Mmm, that’s a biggy. There are a lot of things I now know I was incorrectly ‘right’ about and I have nothing but compassion for the me that so vehemently demanded that I was right.
And interestingly I now have less proof than she had. That’s another kicker of expanding beyond polarization. Proof doesn’t present itself in the same way. Because it’s a different reality to exist in. What’s my proof? Don’t have any…. Other than the fact that I live here (most of the time at least!)
Back to my Shampoo Bar!! Yes, it DOES tie in!
So, I’d given myself a stress free pass that there was no right and wrong choices to make about the products I bought and used. Other than that I made the choice fully and with total peace about said choice.
Generally I would choose the eco products, but not exclusively. Still not exclusively.
Yet recently I realized there was more room in my life for different choices.
And guess how I felt about that?
World’s apart from how my younger self felt when that realization struck her…
I felt excited. Optimistic, innovative, high vibe.
Gone completely where the feelings of obligation, savior mentality and an overbearing responsibility to do the ‘right’ thing.
It was so different. I instantly found an amazing website selling these awesome, innovative, high vibing natural products. And I didn’t have to spend hours reading labels and checking and googling ingredients. I simply trusted that it felt good to buy the ones I choose. And if I don’t enjoy them, I’ll return to the supermarket brands I often buy. Without guilt or shame.
This is living in the 5th Dimension. We create the reality by the choices we make. NOT the specifics of the choices, but the consciousness within which we make those choices.
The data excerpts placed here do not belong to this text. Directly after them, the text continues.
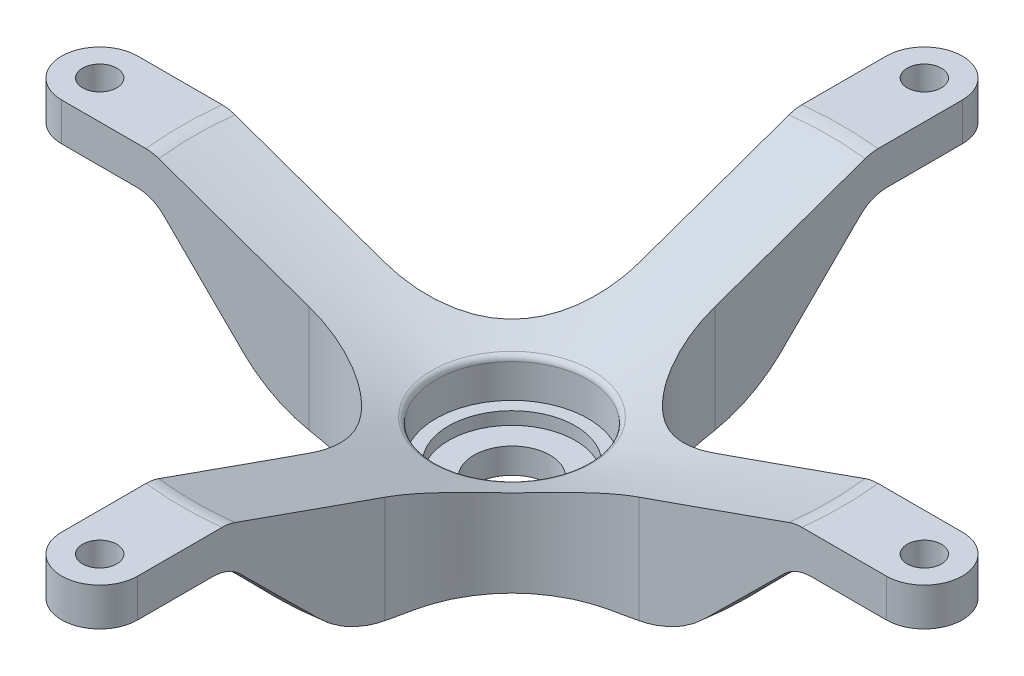
from build123d import *

# Parameters (mm, degrees)
D_GAGEMENT_M2_51_D           = 2.7
R_P_TITION_CIRCULAIRE1_COUNT = 4
ENL_V_MAT_EXTRU_1_DEPTH      = 52.894616773


with BuildPart() as part:
    # Esquisse1 → Révolution1 (revolve)
    with BuildSketch(Plane.XY, mode=Mode.PRIVATE) as r_volution1_sk:
        with BuildLine():
            Line((-11.382864376, 0), (-3, 0))
            Line((-3, 0), (-3, 2))
            Line((-3, 2), (-5, 2))
            Line((-5, 2), (-5, 3))
            Line((-5, 3), (-6, 3))
            Line((-6, 3), (-6, 5.648095238))
            ThreePointArc((-6, 5.648095238), (-6.091117155, 5.935870879), (-6.331259276, 6.118761328))
            Line((-6.331259276, 6.118761328), (-25.034076062, 12.823996539))
            ThreePointArc((-25.034076062, 12.823996539), (-25.532706049, 12.955671634), (-26.046520404, 13))
            Line((-26.046520404, 13), (-35.525, 13))
            Line((-35.525, 13), (-35.525, 10))
            Line((-35.525, 10), (-26.767640687, 10))
            ThreePointArc((-26.767640687, 10), (-25.61959039, 9.771638598), (-24.646320344, 9.121320344))
            Line((-24.646320344, 9.121320344), (-18.453932188, 2.928932188))
            ThreePointArc((-18.453932188, 2.928932188), (-15.2096987, 0.761204675), (-11.382864376, 0))
        make_face()
    revolve(r_volution1_sk.sketch.rotate(Axis((0, 5.07757265, 0), (0, -1, 0)), 270), axis=Axis((0, 5.07757265, 0), (0, -1, 0)))

    # Dégagement M2.51 (through all)
    with Locations(Plane(origin=(0, 13, 0), x_dir=(1, 0, 0), z_dir=(0, 1, 0))):
        with Locations((-32.525, 0)):
            d_gagement_m2_51 = Hole(D_GAGEMENT_M2_51_D / 2)

    # Répétition circulaire1: Dégagement M2.51 ×4 about axis
    r_p_tition_circulaire1_axis = Axis((0, 0, 0), (0, 1, 0))
    for i in range(1, R_P_TITION_CIRCULAIRE1_COUNT):
        add(d_gagement_m2_51.rotate(r_p_tition_circulaire1_axis, i * 360 / R_P_TITION_CIRCULAIRE1_COUNT), mode=Mode.SUBTRACT)

    # Esquisse4 → Enlèv. mat.-Extru.1 (cut, through all)
    with BuildSketch(Plane(origin=(0, 13, 0), x_dir=(1, 0, 0), z_dir=(0, 1, 0))):
        with BuildLine():
            ThreePointArc((3e-09, 35.525), (2.121320345, 34.646320343), (3, 32.525))
            Line((3, 32.525), (3, 13))
            ThreePointArc((3, 13), (5.928932188, 5.928932188), (13, 3))
            Line((13, 3), (32.525, 3))
            ThreePointArc((32.525, 3), (34.646320344, 2.121320344), (35.525, 0))
            ThreePointArc((35.525, 0), (25.119968403, 25.119968401), (3e-09, 35.525))
        make_face()
        with BuildLine():
            ThreePointArc((-3, 32.525), (-2.121320343, 34.646320345), (3e-09, 35.525))
            ThreePointArc((3e-09, 35.525), (-25.119968401, 25.119968403), (-35.525, 0))
            ThreePointArc((-35.525, 0), (-34.646320344, 2.121320344), (-32.525, 3))
            Line((-32.525, 3), (-13, 3))
            ThreePointArc((-13, 3), (-5.928932188, 5.928932188), (-3, 13))
            Line((-3, 13), (-3, 32.525))
        make_face()
        with BuildLine():
            ThreePointArc((0, -35.525), (25.119968402, -25.119968402), (35.525, 0))
            ThreePointArc((35.525, 0), (34.646320344, -2.121320344), (32.525, -3))
            Line((32.525, -3), (13, -3))
            ThreePointArc((13, -3), (5.928932188, -5.928932188), (3, -13))
            Line((3, -13), (3, -32.525))
            ThreePointArc((3, -32.525), (2.121320344, -34.646320344), (0, -35.525))
        make_face()
        with BuildLine():
            ThreePointArc((-32.525, -3), (-34.646320344, -2.121320344), (-35.525, 0))
            ThreePointArc((-35.525, 0), (-25.119968402, -25.119968402), (0, -35.525))
            ThreePointArc((0, -35.525), (-2.121320344, -34.646320344), (-3, -32.525))
            Line((-3, -32.525), (-3, -13))
            ThreePointArc((-3, -13), (-5.928932188, -5.928932188), (-13, -3))
            Line((-13, -3), (-32.525, -3))
        make_face()
    extrude(amount=-ENL_V_MAT_EXTRU_1_DEPTH, mode=Mode.SUBTRACT)


solid = part.part

If you are making choices from a deep root of being right and correct to the exclusion of everything else… then no matter what the specifics of the choice, no matter how liberal it is, you are still existing in the density of the 3rd & 4th dimension of consciousness. I.E. there is a right way and a wrong way and you have to do the right way in order to be a good, responsible, healthy, conscious human, otherwise you are bad, you are wrong, you are destroying your health, the planet, your relationships, your life…. Etc etc. Basically – do the right thing otherwise you are WRONG!
New Earth is created by expansive consciousness, not by the ‘right’ choice of a limited set of choices. What if the ‘right’ choice isn’t even on the menu?! What if it isn’t even talked about or known about?
What if the right choice is the quiet whisper of your own soul speaking to you through the alignment of what feels like the right choice for YOU?
New earth is HERE. Yes in the high vibe and consciously created products AND also – more importantly – in your consciousness of HOW you make your choices. Polarized based on the limited choices of this human reality OR aligned with the freedom of your soul and it’s lack of concern for what’s right over what feels liberating?
And since that in and of itself is a polarizing question — what if it’s both?
Ah the joy of scrambling the mind to FEEL into the SOUL.
You’re welcome 🙂
Go past the polarity, into the expansive inclusive-ness of it all. Because guess what exists there/here??
ALL of it. Exactly how we wanted it.